[WORK INSTRUCTION]: Only the lines from the start of the entries up to and including the line with "R19: library part" should be written out, exactly as they stand.

[Data items]:
- - -

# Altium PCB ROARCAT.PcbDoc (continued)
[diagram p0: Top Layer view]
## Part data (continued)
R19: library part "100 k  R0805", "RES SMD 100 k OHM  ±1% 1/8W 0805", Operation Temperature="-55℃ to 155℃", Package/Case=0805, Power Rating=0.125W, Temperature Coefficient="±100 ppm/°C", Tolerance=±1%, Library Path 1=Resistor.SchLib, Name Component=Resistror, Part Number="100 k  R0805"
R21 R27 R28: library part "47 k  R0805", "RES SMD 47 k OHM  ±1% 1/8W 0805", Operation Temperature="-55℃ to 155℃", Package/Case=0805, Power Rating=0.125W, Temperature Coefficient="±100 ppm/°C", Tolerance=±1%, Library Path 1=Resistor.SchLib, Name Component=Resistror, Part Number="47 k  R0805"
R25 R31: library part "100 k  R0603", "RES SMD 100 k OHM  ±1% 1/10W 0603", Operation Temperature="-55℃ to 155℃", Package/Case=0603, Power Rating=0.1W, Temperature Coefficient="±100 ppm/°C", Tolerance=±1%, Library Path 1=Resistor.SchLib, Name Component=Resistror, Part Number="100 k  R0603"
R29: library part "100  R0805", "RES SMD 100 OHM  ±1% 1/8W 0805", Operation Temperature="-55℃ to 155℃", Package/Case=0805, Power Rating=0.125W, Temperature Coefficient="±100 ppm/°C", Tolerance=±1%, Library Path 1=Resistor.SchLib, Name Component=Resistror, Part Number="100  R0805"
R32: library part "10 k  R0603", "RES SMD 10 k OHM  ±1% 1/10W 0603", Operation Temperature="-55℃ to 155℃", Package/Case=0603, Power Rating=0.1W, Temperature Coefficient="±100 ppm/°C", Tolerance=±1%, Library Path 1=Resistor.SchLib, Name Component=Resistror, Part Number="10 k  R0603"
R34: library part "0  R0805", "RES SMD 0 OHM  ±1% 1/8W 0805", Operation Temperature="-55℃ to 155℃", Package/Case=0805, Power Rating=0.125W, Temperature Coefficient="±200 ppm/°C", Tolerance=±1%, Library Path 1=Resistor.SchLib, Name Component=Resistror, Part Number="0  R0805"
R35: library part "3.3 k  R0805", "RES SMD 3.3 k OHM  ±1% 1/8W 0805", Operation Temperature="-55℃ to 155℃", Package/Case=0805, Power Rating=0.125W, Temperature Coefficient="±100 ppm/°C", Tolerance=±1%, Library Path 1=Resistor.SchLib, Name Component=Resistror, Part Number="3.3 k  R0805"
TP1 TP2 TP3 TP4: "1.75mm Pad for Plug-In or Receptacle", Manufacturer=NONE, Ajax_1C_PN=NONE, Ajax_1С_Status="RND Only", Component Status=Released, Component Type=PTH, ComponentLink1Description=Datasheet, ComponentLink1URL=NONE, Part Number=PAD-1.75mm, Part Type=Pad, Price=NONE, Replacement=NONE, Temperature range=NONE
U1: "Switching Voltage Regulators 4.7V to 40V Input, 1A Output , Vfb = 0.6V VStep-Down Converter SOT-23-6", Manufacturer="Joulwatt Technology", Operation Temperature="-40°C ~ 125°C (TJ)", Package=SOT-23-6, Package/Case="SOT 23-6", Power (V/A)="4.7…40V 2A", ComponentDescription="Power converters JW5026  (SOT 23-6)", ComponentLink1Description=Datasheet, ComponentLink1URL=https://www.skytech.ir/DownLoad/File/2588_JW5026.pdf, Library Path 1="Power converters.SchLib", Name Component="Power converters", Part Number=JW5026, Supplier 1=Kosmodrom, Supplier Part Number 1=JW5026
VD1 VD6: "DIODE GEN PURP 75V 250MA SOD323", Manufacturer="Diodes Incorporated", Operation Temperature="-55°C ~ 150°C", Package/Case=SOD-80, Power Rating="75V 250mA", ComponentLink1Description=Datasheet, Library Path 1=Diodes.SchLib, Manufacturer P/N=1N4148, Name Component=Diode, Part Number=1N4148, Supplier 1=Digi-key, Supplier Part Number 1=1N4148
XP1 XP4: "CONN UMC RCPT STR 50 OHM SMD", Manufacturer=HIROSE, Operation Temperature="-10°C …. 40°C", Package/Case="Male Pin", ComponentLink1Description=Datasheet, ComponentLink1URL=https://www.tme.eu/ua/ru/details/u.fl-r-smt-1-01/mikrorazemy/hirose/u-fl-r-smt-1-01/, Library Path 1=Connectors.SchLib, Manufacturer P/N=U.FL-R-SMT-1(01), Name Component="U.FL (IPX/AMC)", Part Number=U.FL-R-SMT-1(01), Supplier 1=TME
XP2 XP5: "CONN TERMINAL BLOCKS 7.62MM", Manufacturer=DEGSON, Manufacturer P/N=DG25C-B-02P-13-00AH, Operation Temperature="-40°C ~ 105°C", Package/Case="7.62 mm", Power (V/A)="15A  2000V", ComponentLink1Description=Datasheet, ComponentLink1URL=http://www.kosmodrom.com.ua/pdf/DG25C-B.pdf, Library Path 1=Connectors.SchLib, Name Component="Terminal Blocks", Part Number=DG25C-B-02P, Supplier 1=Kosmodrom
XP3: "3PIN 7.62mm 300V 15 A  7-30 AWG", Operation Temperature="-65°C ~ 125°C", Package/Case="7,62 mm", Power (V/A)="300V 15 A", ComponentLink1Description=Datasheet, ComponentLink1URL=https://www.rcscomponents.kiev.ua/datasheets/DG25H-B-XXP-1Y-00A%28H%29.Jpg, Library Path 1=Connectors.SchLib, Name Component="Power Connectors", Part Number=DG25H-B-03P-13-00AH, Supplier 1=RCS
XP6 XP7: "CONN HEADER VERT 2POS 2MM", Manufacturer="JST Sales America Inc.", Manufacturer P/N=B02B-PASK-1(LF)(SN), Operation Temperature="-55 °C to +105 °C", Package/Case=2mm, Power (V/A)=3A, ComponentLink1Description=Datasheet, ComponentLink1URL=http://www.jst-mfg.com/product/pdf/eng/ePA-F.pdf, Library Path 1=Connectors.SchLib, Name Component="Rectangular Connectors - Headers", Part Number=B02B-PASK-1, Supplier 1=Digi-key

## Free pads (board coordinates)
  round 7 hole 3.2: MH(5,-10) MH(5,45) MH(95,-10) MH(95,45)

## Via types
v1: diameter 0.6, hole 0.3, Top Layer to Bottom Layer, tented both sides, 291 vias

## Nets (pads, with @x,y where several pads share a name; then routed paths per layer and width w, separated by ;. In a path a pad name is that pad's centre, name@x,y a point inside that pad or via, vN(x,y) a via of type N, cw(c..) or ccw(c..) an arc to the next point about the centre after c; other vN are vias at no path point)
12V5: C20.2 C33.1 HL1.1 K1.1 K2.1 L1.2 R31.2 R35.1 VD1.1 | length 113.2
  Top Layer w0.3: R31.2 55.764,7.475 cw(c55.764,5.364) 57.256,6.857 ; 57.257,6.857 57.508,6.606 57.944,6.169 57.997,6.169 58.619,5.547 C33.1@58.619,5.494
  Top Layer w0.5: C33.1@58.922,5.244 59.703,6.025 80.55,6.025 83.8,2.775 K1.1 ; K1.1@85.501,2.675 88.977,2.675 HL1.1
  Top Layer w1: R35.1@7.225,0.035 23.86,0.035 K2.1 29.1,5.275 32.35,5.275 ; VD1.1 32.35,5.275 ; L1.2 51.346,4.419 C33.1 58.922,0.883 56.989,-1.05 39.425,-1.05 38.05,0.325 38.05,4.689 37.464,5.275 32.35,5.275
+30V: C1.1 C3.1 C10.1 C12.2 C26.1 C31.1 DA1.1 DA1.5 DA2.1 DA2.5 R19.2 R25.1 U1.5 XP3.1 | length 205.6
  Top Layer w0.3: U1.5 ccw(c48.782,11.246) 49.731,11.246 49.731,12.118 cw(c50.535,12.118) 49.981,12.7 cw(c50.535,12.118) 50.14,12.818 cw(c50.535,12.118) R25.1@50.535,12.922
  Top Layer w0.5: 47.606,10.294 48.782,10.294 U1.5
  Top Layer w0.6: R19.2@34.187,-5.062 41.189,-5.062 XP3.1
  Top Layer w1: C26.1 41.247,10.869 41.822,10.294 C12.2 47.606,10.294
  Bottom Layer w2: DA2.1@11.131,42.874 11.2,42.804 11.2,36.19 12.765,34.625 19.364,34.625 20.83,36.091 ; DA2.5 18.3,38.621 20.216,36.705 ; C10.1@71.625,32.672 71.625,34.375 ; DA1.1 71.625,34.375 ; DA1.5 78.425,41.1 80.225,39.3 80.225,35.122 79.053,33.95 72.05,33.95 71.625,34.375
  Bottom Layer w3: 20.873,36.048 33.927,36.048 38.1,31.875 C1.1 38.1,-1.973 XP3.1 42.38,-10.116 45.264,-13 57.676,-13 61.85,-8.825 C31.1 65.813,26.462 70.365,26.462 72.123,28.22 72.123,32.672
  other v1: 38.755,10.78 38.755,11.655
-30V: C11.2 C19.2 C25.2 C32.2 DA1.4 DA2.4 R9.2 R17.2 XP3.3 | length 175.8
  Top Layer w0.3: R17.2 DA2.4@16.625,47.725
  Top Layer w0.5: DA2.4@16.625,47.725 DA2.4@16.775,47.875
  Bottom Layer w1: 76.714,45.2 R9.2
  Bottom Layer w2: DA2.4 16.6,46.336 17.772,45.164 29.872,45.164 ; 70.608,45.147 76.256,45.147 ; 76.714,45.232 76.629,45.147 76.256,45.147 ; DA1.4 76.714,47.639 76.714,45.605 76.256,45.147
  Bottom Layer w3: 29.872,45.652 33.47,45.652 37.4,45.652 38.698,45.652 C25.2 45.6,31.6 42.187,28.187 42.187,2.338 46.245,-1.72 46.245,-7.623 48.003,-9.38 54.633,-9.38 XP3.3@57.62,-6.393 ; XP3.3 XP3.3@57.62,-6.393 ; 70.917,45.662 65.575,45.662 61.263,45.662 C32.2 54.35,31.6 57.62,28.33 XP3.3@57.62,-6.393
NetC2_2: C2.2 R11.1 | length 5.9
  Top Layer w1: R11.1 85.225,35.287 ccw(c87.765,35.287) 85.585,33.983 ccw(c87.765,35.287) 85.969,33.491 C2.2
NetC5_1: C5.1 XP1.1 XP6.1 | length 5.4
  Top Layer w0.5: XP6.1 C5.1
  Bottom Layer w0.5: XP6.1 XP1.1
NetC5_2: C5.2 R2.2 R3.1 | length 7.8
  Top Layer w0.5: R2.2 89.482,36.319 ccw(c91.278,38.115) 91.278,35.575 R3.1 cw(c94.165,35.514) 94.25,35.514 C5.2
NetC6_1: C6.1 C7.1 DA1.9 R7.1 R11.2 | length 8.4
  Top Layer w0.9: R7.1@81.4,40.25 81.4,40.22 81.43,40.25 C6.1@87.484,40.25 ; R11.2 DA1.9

- - -

[OUTPUT BELOW]:
# Altium PCB ROARCAT.PcbDoc (continued)
[diagram p0: Top Layer view]
## Part data (continued)
R19: library part "100 k  R0805", "RES SMD 100 k OHM  ±1% 1/8W 0805", Operation Temperature="-55℃ to 155℃", Package/Case=0805, Power Rating=0.125W, Temperature Coefficient="±100 ppm/°C", Tolerance=±1%, Library Path 1=Resistor.SchLib, Name Component=Resistror, Part Number="100 k  R0805"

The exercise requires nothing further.